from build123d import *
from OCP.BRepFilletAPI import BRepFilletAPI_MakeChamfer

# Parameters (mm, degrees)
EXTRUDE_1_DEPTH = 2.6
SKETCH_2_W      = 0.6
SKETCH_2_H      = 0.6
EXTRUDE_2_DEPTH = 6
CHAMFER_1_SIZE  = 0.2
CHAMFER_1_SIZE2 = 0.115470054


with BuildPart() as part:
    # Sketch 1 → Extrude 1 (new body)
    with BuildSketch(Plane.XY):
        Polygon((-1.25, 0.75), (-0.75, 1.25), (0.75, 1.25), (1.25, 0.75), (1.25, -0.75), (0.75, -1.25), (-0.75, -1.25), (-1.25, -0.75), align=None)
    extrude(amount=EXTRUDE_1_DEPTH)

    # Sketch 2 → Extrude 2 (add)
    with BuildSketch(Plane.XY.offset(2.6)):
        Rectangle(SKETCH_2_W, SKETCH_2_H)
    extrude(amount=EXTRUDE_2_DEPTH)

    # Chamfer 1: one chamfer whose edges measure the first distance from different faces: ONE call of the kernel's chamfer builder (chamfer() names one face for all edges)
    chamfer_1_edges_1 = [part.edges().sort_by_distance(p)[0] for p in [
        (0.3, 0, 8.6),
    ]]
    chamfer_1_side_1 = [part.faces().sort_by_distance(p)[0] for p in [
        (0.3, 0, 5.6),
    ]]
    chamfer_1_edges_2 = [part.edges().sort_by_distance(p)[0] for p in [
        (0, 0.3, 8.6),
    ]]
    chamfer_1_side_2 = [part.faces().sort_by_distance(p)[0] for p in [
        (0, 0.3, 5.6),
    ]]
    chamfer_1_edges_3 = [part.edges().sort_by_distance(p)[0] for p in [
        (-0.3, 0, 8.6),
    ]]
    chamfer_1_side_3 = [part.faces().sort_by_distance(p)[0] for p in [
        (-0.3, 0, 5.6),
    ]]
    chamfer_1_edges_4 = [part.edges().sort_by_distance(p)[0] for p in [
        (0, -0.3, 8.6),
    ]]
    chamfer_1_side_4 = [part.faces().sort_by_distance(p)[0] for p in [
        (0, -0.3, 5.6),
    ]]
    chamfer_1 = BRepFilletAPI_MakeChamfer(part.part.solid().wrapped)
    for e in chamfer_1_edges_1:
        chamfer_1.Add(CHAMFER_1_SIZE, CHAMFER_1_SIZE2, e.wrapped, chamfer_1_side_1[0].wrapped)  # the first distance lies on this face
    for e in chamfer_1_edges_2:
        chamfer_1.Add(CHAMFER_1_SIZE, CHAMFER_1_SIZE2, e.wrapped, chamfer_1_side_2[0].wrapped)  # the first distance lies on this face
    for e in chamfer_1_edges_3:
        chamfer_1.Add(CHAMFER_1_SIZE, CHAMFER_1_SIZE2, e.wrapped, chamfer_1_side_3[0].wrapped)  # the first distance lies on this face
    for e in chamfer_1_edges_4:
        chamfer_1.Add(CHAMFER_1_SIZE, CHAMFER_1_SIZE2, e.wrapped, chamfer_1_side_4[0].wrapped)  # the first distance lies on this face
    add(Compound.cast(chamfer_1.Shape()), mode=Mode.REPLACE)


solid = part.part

______________________________

> **WORK TO BE COMPLETED**
Extract the full listing and reproduce each line exactly.

> **YOUR SOLUTION**
from build123d import *
from OCP.BRepFilletAPI import BRepFilletAPI_MakeChamfer

# Parameters (mm, degrees)
EXTRUDE_1_DEPTH = 2.6
SKETCH_2_W      = 0.6
SKETCH_2_H      = 0.6
EXTRUDE_2_DEPTH = 6
CHAMFER_1_SIZE  = 0.2
CHAMFER_1_SIZE2 = 0.115470054


with BuildPart() as part:
    # Sketch 1 → Extrude 1 (new body)
    with BuildSketch(Plane.XY):
        Polygon((-1.25, 0.75), (-0.75, 1.25), (0.75, 1.25), (1.25, 0.75), (1.25, -0.75), (0.75, -1.25), (-0.75, -1.25), (-1.25, -0.75), align=None)
    extrude(amount=EXTRUDE_1_DEPTH)

    # Sketch 2 → Extrude 2 (add)
    with BuildSketch(Plane.XY.offset(2.6)):
        Rectangle(SKETCH_2_W, SKETCH_2_H)
    extrude(amount=EXTRUDE_2_DEPTH)

    # Chamfer 1: one chamfer whose edges measure the first distance from different faces: ONE call of the kernel's chamfer builder (chamfer() names one face for all edges)
    chamfer_1_edges_1 = [part.edges().sort_by_distance(p)[0] for p in [
        (0.3, 0, 8.6),
    ]]
    chamfer_1_side_1 = [part.faces().sort_by_distance(p)[0] for p in [
        (0.3, 0, 5.6),
    ]]
    chamfer_1_edges_2 = [part.edges().sort_by_distance(p)[0] for p in [
        (0, 0.3, 8.6),
    ]]
    chamfer_1_side_2 = [part.faces().sort_by_distance(p)[0] for p in [
        (0, 0.3, 5.6),
    ]]
    chamfer_1_edges_3 = [part.edges().sort_by_distance(p)[0] for p in [
        (-0.3, 0, 8.6),
    ]]
    chamfer_1_side_3 = [part.faces().sort_by_distance(p)[0] for p in [
        (-0.3, 0, 5.6),
    ]]
    chamfer_1_edges_4 = [part.edges().sort_by_distance(p)[0] for p in [
        (0, -0.3, 8.6),
    ]]
    chamfer_1_side_4 = [part.faces().sort_by_distance(p)[0] for p in [
        (0, -0.3, 5.6),
    ]]
    chamfer_1 = BRepFilletAPI_MakeChamfer(part.part.solid().wrapped)
    for e in chamfer_1_edges_1:
        chamfer_1.Add(CHAMFER_1_SIZE, CHAMFER_1_SIZE2, e.wrapped, chamfer_1_side_1[0].wrapped)  # the first distance lies on this face
    for e in chamfer_1_edges_2:
        chamfer_1.Add(CHAMFER_1_SIZE, CHAMFER_1_SIZE2, e.wrapped, chamfer_1_side_2[0].wrapped)  # the first distance lies on this face
    for e in chamfer_1_edges_3:
        chamfer_1.Add(CHAMFER_1_SIZE, CHAMFER_1_SIZE2, e.wrapped, chamfer_1_side_3[0].wrapped)  # the first distance lies on this face
    for e in chamfer_1_edges_4:
        chamfer_1.Add(CHAMFER_1_SIZE, CHAMFER_1_SIZE2, e.wrapped, chamfer_1_side_4[0].wrapped)  # the first distance lies on this face
    add(Compound.cast(chamfer_1.Shape()), mode=Mode.REPLACE)


solid = part.part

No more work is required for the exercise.